Step 2. Instance Size​
Under "App Settings" > "Resource Settings", you will need to check (and update if not set correctly) the instance sizing. You should see 512 MB RAM / 1 Shared vCPU / 50 GB bandwidth, with only 1 container. This is the $5.00/month tier -- make sure this is correct in the cost summary on the right.
Step 3. Environmental Variables​
Click on "edit" next to "jury-service" and fill in the environmental variables as follows:
VITE_JURY_NAME
- Name of the app to display to the user (eg. HackUTD X Judging)JURY_ADMIN_PASSWORD
- Password for the admin portal (suggestion: use 2 random words)MONGODB_URI
- URI of MongoDB Atlas instance (see step 0)
Email Hosting​
Jury needs to send emails to judges with their judging code. Each judge will receive an email when you add them, so if you have 100 judges, then you will need to send out 100 emails (but you should account for at least double to handle situations where you have to re-send emails or try different emails for judges). There are 3 ways we recommend hosting emails:
- The first method is through Gmail SMTP, which means that you simply send emails through your personal
xxx@gmail.com
email. This is completely free but may face issues with sending limits (2000/day), spam filtering, and email sending performance. - The second method is through Sendgrid. Many organizations already use Sendgrid, so this may be convenient for you. Note that you need to enable billing and upgrade your account if you want to send more than 100 emails in a day. Sendgrid is nice because it's a fixed price up to a high email limit and has a separate API for sending emails outside of SMTP.
- The final option that has been tested is AWS SES. This is a paid service also used by many organizations. The pricing for AWS SES is per 1000 emails, so it may be more expensive depending on how many emails you send. We use the SMTP protocol to call AWS SES's service too.
You will have to fill out specific environmental variables for each service:
If using Gmail SMTP:
EMAIL_HOST
= smtp.gmail.comEMAIL_FROM
= gmail usernameEMAIL_USERNAME
= gmail usernameEMAIL_PASSWORD
= google app password
If using SendGrid:
SENDGRID_API_KEY
= API key provided by SendGridEMAIL_FROM
= email to send fromEMAIL_FROM_NAME
= display name of sender
If using AWS SES:
EMAIL_HOST
= email-smtp.<region>.amazonaws.comEMAIL_FROM
= verified email to send fromEMAIL_USERNAME
= SES SMTP usernameEMAIL_PASSWORD
= SES SMTP password
Make sure you do not change the pre-filled fields. You may leave any unused fields blank (ie. if you are using Sendgrid, you do not need to fill out the EMAIL_PASSWORD
field).
Step 4. App Name​
Optionally, you can adjust the name of the app. If you scroll down to the "Finalize" section, there is a place to name your project. The URL of your deployed application will be <app_name><some_characters>.ondigitalocean.app
. You may also want to set up a custom domain name for your application (see below).
Step 5. Done!​
Review all of the settings to make sure it looks correct (especially the instance size). Once you make sure all settings are correct, click "Create Resources". After the app has finished building (which may take a couple of minutes), you should be able to see the app online at the provided URL!

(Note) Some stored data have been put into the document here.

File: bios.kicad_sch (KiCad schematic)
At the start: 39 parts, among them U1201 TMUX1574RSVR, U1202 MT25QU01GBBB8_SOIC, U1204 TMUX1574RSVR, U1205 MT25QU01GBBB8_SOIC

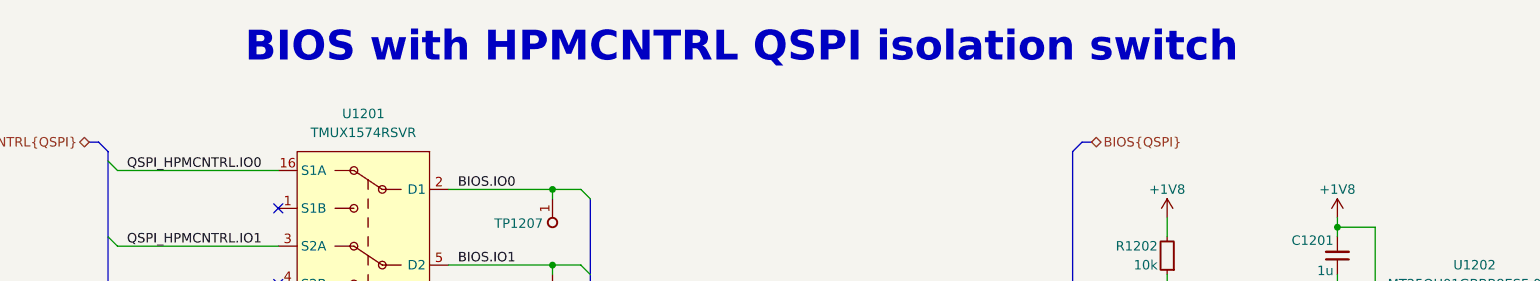
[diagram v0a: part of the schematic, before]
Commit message: [#100282] Add missing schematic sheet names and align them all
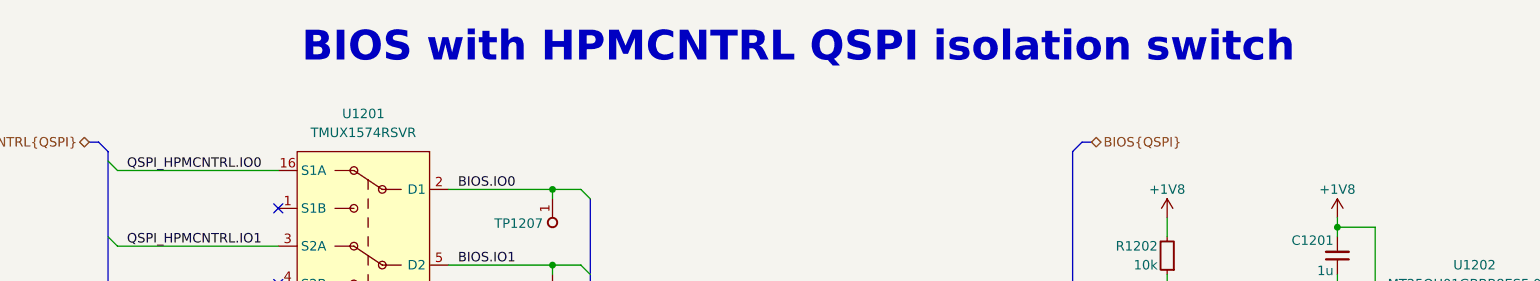
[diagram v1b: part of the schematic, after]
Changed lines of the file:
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@@
 	(text "BIOS with HPMCNTRL QSPI isolation switch\n"
 		(exclude_from_sim no)
-		(at 152.4 25.4 0)
+		(at 160.02 25.4 0)
 		(effects
 			(font

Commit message: [#100501] Reannotate schematic
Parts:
- renumbered C1201 to C87, C1202 to C88, C1203 to C89, C1204 to C90, R1202 to R114, R1210 to R115, R1207 to R116, R1211 to R117, R1214 to R118, R1215 to R119, R1216 to R120, R1217 to R121, R1204 to R122, R1208 to R123, R1206 to R124, R1224 to R125, R1205 to R126, R1220 to R127, R1221 to R128, R1222 to R129, R1223 to R130, R1209 to R131, R1203 to R132, R1212 to R133, R1225 to R134, R1201 to R135, R1213 to R136, TP1204 to TP10, TP1202 to TP11, TP1203 to TP12, TP1201 to TP13, TP1207 to TP6, TP1206 to TP7, TP1205 to TP8, TP1208 to TP9, U1201 to U13, U1202 to U14, U1204 to U15, U1205 to U16

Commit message: [#100501] Clean ERC
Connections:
- net ~{ISO_EN0} renamed ~{ISO_EN}
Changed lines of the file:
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@@
-		)
-	)
-	(label "~{ISO_EN0}"
-		(at 76.2 87.63 0)
-		(effects
-			(font
-				(size 1.27 1.27)
-			)
-			(justify left bottom)
 		)
 	)
@@
 		)
 	)
-	(label "~{ISO_EN1}"
+	(label "~{ISO_EN}"
 		(at 76.2 154.94 0)
 		(effects

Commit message: [#100501] Reannotate schematic
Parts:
- renumbered C87 to C91, C88 to C92, C89 to C93, C90 to C94, R114 to R148, R115 to R149, R116 to R150, R117 to R151, R118 to R152, R119 to R153, R120 to R154, R121 to R155, R122 to R156, R123 to R157, R124 to R158, R125 to R159, R126 to R160, R127 to R161, R128 to R162, R129 to R163, R130 to R164, R131 to R165, R132 to R166, R133 to R167, R134 to R168, R135 to R169, R136 to R170, TP6 to TP10, TP7 to TP11, TP8 to TP12, TP9 to TP13, TP10 to TP14, TP11 to TP15, TP12 to TP16, TP13 to TP17, U13 to U12, U14 to U13, U15 to U14, U16 to U15

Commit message: [#100501] Perform minor BOM consolidation
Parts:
- C91, C93: value C_1u_0402 -> C_1u_25V_0402; symbol antmicroCapacitors0402:C_1u_0402 -> antmicroCapacitors0402:C_1u_25V_0402; Dielectric (none) -> X5R; MPN C1005X6S1A105K050BC -> GRM155R61E105KE11J; Manufacturer TDK -> Murata; Voltage (none) -> 25V
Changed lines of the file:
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@@
 	)
 	(symbol
-		(lib_id "antmicroCapacitors0402:C_1u_0402")
+		(lib_id "antmicroCapacitors0402:C_1u_25V_0402")
 		(at 232.41 106.68 270)
 		(mirror x)
@@
 			)
 		)
-		(property "Value" "C_1u_0402"
+		(property "Value" "C_1u_25V_0402"
 			(at 222.25 86.36 0)
 			(hide yes)
@@
 			)
 		)
-		(property "Datasheet" "https://product.tdk.com/en/search/capacitor/ceramic/mlcc/info?part_no=C1005X6S1A105K050BC"
+		(property "Datasheet" "https://www.murata.com/products/productdetail?partno=GRM155R61E105KE11%23"
 			(at 217.17 86.36 0)
 			(hide yes)
@@
 			)
 		)
-		(property "Description" "SMD Multilayer Ceramic Capacitor, 1 µF, 10 V, 0402 [1005 Metric], ± 10%, X6S, C"
+		(property "Description" "SMD Multilayer Ceramic Capacitor, 1 µF, 25 V, 0402 [1005 Metric], ± 10%, X5R, GRM Series"
 			(at 199.39 86.36 0)
 			(hide yes)
@@
 			)
 		)
-		(property "MPN" "C1005X6S1A105K050BC"
+		(property "MPN" "GRM155R61E105KE11J"
 			(at 214.63 86.36 0)
 			(hide yes)
@@
 			)
 		)
-		(property "Manufacturer" "TDK"
+		(property "Manufacturer" "Murata"
 			(at 212.09 86.36 0)
 			(hide yes)
@@
 			)
 		)
-		(property "Voltage" ""
+		(property "Voltage" "25V"
 			(at 204.47 86.36 0)
 			(hide yes)
@@
 			)
 		)
-		(property "Dielectric" ""
+		(property "Dielectric" "X5R"
 			(at 201.93 86.36 0)
 			(hide yes)
@@
 	)
 	(symbol
-		(lib_id "antmicroCapacitors0402:C_1u_0402")
+		(lib_id "antmicroCapacitors0402:C_1u_25V_0402")
 		(at 232.41 55.88 270)
 		(mirror x)
@@
 			)
 		)
-		(property "Value" "C_1u_0402"
+		(property "Value" "C_1u_25V_0402"
 			(at 222.25 35.56 0)
 			(hide yes)
@@
 			)
 		)
-		(property "Datasheet" "https://product.tdk.com/en/search/capacitor/ceramic/mlcc/info?part_no=C1005X6S1A105K050BC"
+		(property "Datasheet" "https://www.murata.com/products/productdetail?partno=GRM155R61E105KE11%23"
 			(at 217.17 35.56 0)
 			(hide yes)
@@
 			)
 		)
-		(property "Description" "SMD Multilayer Ceramic Capacitor, 1 µF, 10 V, 0402 [1005 Metric], ± 10%, X6S, C"
+		(property "Description" "SMD Multilayer Ceramic Capacitor, 1 µF, 25 V, 0402 [1005 Metric], ± 10%, X5R, GRM Series"
 			(at 199.39 35.56 0)
 			(hide yes)
@@
 			)
 		)
-		(property "MPN" "C1005X6S1A105K050BC"
+		(property "MPN" "GRM155R61E105KE11J"
 			(at 214.63 35.56 0)
 			(hide yes)
@@
 			)
 		)
-		(property "Manufacturer" "TDK"
+		(property "Manufacturer" "Murata"
 			(at 212.09 35.56 0)
 			(hide yes)
@@
 			)
 		)
-		(property "Voltage" ""
+		(property "Voltage" "25V"
 			(at 204.47 35.56 0)
 			(hide yes)
@@
 			)
 		)
-		(property "Dielectric" ""
+		(property "Dielectric" "X5R"
 			(at 201.93 35.56 0)
 			(hide yes)

Note that if you need to change any environmental variables, you can do so in the online Digital Ocean console (Note the app will take a few minutes to re-deploy before reflecting changes).
Next Steps​
Troubleshooting​
If you have any issues with setting up Jury, please feel free to reach out to me (Michael Zhao).
Custom Domain Name​
Follow the provided DigitalOcean guide to deploy to a custom domain name. Make sure you use Option 2: Using a CNAME Pointer if have your own domain hosting set up.